Well he's lucky you found him then. He's a cutie. Thanks for the information. We were looking at a sulcata but got scared off by the size that they get but I see on this site a lot of people who have them and are quite happy with them. Candy


----------



## SFCMARK (Jan 15, 2009)

I had no idea how much fun it was going to be having a Sulcata....now I have 8!!! They each have their own personality, they respond to their names, they love affection/attention. I just have to laugh every day when I go to their enclosure and say "Hey guys! Dinner time!"......you should see them com running to me! It is just the greatest thing to see. I do presentations at schools, and they love going with me. THOR has become quite the celebrity here in SE Michigan. BUT, like I stress in my presentations....you need a lot of space for them. It is just not fair to the Tortoise if you do not have a big enough area for him to run around in. PLUS, they eat a LOT!!!


----------



## TKCARDANDCOIN (Jan 15, 2009)

I AM NEW HERE BUT I HAVE SOME GREAT PICTURES OF MY SULCATA AND RUSSIANS.AS SOON AS I FIGURE OUT HOW TO POST THEM I WILL.THAT IS A GREAT SHOT OF YOUR SULCATA!MINE ALSO LIKES HIS PUMPKIN, RIND AND ALL


----------



## Kristina (Jan 15, 2009)

I think this one is kind of funny, for two reasons. One, I don't often see pics from this perspective, and it is amazing how different it is. I had a heck of a time taking these because they kept running closer to the camera. Kind of gives you an insight into their world. Second, the grass hanging out of Ella's mouth... Such a piglet...


----------



## SFCMARK (Jan 16, 2009)

This is SARGE, another rescue of mine. He is about 7 years old. He always has a piece of hay sticking out of his mounth. We call him "Country Sarge"






This is another one of THOR. Last Halloween, the local pet store had a Pet Costume Contest.

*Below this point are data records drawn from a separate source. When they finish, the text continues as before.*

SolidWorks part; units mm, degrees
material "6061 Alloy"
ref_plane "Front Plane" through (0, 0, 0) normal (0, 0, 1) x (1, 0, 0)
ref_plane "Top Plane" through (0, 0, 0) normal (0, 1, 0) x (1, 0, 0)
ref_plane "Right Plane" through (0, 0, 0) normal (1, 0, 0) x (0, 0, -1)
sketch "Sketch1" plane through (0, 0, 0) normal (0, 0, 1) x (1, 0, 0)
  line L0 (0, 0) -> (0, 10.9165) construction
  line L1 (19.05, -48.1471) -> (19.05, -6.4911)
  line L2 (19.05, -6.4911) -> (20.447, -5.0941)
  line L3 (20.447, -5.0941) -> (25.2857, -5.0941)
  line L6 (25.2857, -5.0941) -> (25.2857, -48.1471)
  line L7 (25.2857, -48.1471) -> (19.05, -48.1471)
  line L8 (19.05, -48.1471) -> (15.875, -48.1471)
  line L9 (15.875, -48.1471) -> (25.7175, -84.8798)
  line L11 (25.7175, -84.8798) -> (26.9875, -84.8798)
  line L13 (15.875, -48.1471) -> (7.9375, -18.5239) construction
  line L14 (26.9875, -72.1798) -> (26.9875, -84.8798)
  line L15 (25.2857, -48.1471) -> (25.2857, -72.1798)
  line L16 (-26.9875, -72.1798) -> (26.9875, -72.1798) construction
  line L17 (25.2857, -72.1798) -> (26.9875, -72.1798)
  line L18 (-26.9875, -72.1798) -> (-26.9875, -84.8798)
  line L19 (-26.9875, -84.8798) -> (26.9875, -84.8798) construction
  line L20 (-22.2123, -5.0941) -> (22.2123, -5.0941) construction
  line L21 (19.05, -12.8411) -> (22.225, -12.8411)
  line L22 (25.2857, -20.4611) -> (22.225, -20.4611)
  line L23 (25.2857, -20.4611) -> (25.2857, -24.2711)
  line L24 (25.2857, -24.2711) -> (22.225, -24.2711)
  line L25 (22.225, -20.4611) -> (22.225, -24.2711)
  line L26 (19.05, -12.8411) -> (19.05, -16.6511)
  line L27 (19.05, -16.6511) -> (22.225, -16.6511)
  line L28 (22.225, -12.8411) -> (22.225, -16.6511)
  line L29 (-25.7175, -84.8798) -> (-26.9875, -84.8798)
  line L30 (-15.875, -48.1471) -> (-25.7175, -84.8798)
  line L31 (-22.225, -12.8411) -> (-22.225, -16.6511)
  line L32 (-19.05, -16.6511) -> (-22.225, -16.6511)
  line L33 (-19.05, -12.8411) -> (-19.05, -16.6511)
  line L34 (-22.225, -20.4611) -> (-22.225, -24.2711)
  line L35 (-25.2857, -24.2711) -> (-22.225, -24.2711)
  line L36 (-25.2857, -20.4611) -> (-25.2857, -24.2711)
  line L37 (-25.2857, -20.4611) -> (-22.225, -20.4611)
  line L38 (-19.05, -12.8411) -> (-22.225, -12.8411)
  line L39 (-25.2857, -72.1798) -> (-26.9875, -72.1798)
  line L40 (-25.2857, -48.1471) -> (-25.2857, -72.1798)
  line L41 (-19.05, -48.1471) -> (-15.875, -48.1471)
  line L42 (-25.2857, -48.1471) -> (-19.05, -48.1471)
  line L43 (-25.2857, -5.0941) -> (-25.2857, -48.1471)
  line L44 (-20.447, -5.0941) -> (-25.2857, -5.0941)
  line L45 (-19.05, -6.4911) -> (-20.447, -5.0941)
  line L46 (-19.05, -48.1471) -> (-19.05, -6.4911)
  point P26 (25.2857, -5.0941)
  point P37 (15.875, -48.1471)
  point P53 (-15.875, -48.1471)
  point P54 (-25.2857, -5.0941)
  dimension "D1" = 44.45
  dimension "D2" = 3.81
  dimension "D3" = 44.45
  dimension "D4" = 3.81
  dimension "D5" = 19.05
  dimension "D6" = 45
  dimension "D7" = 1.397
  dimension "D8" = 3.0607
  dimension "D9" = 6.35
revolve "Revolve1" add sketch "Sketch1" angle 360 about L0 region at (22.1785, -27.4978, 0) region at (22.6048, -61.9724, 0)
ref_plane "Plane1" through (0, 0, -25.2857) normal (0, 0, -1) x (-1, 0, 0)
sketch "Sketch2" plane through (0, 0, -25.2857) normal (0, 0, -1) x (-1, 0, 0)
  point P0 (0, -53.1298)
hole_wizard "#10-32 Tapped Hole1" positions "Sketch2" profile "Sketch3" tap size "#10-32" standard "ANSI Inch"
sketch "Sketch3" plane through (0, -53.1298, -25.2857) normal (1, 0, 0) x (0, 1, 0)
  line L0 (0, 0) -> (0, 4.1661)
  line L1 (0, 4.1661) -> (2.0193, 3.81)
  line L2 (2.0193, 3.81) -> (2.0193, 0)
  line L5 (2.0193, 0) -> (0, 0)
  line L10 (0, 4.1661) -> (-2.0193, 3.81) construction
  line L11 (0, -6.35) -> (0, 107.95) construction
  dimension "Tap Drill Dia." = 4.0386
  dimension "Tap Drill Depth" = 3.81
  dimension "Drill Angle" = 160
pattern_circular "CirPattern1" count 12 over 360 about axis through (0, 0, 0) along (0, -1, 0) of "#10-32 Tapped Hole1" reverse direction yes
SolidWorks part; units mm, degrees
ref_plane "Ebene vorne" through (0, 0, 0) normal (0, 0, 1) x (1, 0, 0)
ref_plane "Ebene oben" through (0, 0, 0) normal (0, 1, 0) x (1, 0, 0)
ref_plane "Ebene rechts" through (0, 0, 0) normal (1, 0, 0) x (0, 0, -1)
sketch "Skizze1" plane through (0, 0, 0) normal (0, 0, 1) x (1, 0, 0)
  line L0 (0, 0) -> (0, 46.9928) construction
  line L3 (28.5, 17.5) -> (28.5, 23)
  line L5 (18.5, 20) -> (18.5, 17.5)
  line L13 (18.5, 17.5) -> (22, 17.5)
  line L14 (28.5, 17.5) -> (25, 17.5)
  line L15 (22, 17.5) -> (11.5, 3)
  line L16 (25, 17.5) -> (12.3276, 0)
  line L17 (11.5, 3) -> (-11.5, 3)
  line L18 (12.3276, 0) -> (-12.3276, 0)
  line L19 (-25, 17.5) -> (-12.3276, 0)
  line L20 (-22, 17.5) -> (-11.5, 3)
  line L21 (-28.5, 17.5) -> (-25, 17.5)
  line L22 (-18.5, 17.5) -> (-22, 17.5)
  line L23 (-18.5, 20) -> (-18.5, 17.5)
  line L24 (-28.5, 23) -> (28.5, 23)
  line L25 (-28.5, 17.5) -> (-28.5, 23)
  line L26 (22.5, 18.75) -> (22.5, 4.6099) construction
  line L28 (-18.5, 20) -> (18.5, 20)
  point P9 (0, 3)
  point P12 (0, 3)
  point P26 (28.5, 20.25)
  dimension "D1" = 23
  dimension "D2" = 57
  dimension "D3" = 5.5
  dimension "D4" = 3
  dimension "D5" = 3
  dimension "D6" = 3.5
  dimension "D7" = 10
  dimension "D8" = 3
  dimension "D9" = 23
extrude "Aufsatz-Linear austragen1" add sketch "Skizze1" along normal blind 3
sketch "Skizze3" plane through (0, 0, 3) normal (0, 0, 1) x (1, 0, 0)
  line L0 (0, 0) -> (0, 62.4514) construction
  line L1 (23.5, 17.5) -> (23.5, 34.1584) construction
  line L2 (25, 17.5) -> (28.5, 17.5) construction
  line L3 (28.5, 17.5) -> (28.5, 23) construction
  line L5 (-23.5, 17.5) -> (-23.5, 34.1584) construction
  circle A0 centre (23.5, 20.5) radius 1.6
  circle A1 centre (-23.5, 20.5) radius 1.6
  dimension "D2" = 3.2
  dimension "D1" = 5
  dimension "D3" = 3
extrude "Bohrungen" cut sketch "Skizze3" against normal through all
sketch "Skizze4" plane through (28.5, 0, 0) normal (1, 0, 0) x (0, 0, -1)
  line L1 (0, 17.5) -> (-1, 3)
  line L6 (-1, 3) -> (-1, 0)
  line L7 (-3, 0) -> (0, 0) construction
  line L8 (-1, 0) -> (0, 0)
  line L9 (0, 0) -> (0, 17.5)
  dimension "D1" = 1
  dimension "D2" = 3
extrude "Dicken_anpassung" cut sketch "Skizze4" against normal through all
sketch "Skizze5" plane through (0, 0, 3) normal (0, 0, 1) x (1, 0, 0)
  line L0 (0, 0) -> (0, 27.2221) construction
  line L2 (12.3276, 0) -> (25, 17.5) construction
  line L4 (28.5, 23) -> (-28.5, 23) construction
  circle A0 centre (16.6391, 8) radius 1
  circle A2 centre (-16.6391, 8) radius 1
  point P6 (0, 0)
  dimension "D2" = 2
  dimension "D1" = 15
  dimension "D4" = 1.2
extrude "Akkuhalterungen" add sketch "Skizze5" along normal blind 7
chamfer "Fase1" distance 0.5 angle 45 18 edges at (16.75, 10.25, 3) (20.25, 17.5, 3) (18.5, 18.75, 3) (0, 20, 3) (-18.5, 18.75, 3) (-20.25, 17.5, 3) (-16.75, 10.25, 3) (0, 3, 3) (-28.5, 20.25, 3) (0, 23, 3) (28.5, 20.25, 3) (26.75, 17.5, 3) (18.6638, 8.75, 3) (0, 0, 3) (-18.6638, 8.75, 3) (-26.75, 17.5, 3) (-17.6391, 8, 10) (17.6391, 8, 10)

THOR dressed up like a Black Widow Spider! He won first place It was very cool....people at the store were calling friends to come to the store to see THOR! he definitely was the hit of the day!


----------



## Kristina (Jan 16, 2009)

You certainly have a lot of Sulcatas for living in MI... I just plain don't have the room for that many! My two are enough 

I wish all this dang snow would go away, far, far away.... It has been below zero up here for the last three days.

Kristina


----------



## SFCMARK (Jan 16, 2009)

kyryah said:


> You certainly have a lot of Sulcatas for living in MI... I just plain don't have the room for that many! My two are enough
> 
> I wish all this dang snow would go away, far, far away.... It has been below zero up here for the last three days.
> 
> Kristina




Where in Michigan are you? I am in Northville.


----------



## Kristina (Jan 16, 2009)

I am in Cadillac, I think Jeff is in Northville, too. 

Kristina


----------



## Isa (Jan 16, 2009)

First I have to tell you that Hermy has an obsesion with cactus pear, he just loves it. This is Hermy after eating some, he was all dirty I had to give him a bath .


----------



## SFCMARK (Jan 16, 2009)

Isa said:


> First I have to tell you that Hermy has an obsesion with cactus pear, he just loves it. This is Hermy after eating some, he was all dirty I had to give him a bath .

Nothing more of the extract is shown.